In the warmer temperatures of 2016 and 2017, I felt the effect of dehydration and tired legs on hills late in a marathon. This year, my legs were feeling stiff and powerless on the hills. Once I was around mile 20, I began to look for my family. At one point, I thought that I saw my husband, but it turned out to be someone else. After that, for some reason, I had myself convinced that my family had gone elsewhere to get warm, so I stopped looking for them altogether. I remember thinking, “I don’t blame them if they went to get some coffee.” I didn’t feel upset that they weren’t there. I just kept trucking on trying to figure out why my legs were feeling so pathetic when my breathing was feeling so good.
“You really need to integrate some leg strengthening workouts for your next training plan”, I thought after cresting the last major hill of the marathon. I was telling my legs to move. I pumped my arms faster but saw my pace get slower. 8:00 per miles?? Why?? I just couldn’t believe what was happening. At this point, my legs were really feeling like tight rubber bands, but it wasn’t a sensation I’ve felt before. Was I about to cramp? I took some anti-cramping concoction anyway and hoped that this would help me recover from the odd feeling; it didn’t.
Pleased yet humbled
I started to feel quite chilled during the last mile of the race. I was disappointed to feel so pathetic towards the end of the race like I had last year. It’s hard to feel this way for too long when you soak in the fact that you’re running the Boston Marathon! I was able to muster a pace slightly faster than an 8:00-mile as I took a right on Hereford and a left on Boylston.
The energy of the race always moves me. Seeing that big finish line always gives me goosebumps (extra goosebumps for this race!). I finished the race with my fastest Boston time of 3:11:22. Pleased yet humbled. Mother Nature was relentless on race day and I rolled with the elements, giving my best effort.
After crossing the finish line, my body felt like an icicle. I could hardly walk. I probably looked like a sad penguin as I shuffled my feet and waddled side to side. Walking felt agonizing and I felt so very cold. The frigid sea breeze whipped between the tall buildings. It taunted my soaked body as I slowly stepped to get a bottle of water… then my medal… then my warming blanket… and finally my gear check bag.

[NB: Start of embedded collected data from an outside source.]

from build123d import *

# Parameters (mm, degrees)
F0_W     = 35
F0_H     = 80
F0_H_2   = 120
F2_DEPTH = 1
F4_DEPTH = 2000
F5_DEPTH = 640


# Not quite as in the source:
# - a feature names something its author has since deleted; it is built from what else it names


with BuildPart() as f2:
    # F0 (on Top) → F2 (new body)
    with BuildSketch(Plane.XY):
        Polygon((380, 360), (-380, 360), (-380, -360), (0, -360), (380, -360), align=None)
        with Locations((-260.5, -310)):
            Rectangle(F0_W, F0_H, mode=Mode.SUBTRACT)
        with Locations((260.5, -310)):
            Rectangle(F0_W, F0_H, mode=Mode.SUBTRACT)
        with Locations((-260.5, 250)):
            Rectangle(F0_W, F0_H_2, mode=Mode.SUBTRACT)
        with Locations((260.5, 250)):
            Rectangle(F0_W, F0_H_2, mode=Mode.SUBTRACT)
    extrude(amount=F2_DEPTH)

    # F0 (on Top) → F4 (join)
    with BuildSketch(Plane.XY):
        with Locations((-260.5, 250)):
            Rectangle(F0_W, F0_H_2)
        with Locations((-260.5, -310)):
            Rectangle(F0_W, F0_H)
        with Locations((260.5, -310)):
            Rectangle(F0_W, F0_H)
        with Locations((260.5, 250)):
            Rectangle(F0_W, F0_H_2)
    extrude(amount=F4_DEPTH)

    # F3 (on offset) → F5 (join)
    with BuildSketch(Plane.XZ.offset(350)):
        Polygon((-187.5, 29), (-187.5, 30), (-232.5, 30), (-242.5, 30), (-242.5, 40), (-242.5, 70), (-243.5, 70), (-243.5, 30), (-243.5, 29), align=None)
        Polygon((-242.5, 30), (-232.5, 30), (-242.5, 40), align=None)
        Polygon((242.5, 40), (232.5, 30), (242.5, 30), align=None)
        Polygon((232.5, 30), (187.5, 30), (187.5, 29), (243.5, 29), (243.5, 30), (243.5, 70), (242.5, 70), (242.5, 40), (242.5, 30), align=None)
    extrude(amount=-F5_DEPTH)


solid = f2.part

After getting my bag, I felt that I couldn’t walk much farther. I had to take a seat under one of the tents. A kind man helped seat me in a chair. That’s when I started to convulse uncontrollably. Another kind person then asked me if I was ok. I was not. She asked me if I wanted to get warmed up – yes, please! Two people then transferred me in a wheelchair and took me away to the tent of hypothermic runners.
The medical tent was a new experience for me. I’ve run ten marathons and numerous other races and have never required medical attention. The scene in the tent was chaotic yet somehow organized. Medical personnel were moving around everywhere and numerous cots were lined up with runners wrapped up like burritos. Once I was taken to my own cot, I again needed assistance to transfer. They took my vitals right away. Blood pressure: 102/58 mm Hg. Temperature: 91.8 degrees! No wonder I felt so awful!
Still a great race!
Someone then assisted me with removing my wet clothing. They promptly wrapped me up in blankets, which included a Bair Hugger (a forced-air warming blanket). Additionally, to help raise my body temperature more quickly, they fed me hot vegetable bouillon broth. After about 20 minutes, my temperature increased to 96 degrees and they released me. The medical attention that I received was superb and I am so grateful to all the volunteers!
Despite my delusional thoughts (my family actually was at mile 20 cheering for me loudly) and my circulatory system diverting blood to my vital organs, I had a great race! Greg with High-Altitude Training Institute organized my training plan very well. I was feeling strong for the majority of my race. I know that I have what it takes to chase that sub-three marathon! I’m looking forward to my next big marathon and more training with Greg. Crossing my fingers for a personal best at the Chicago Marathon in October.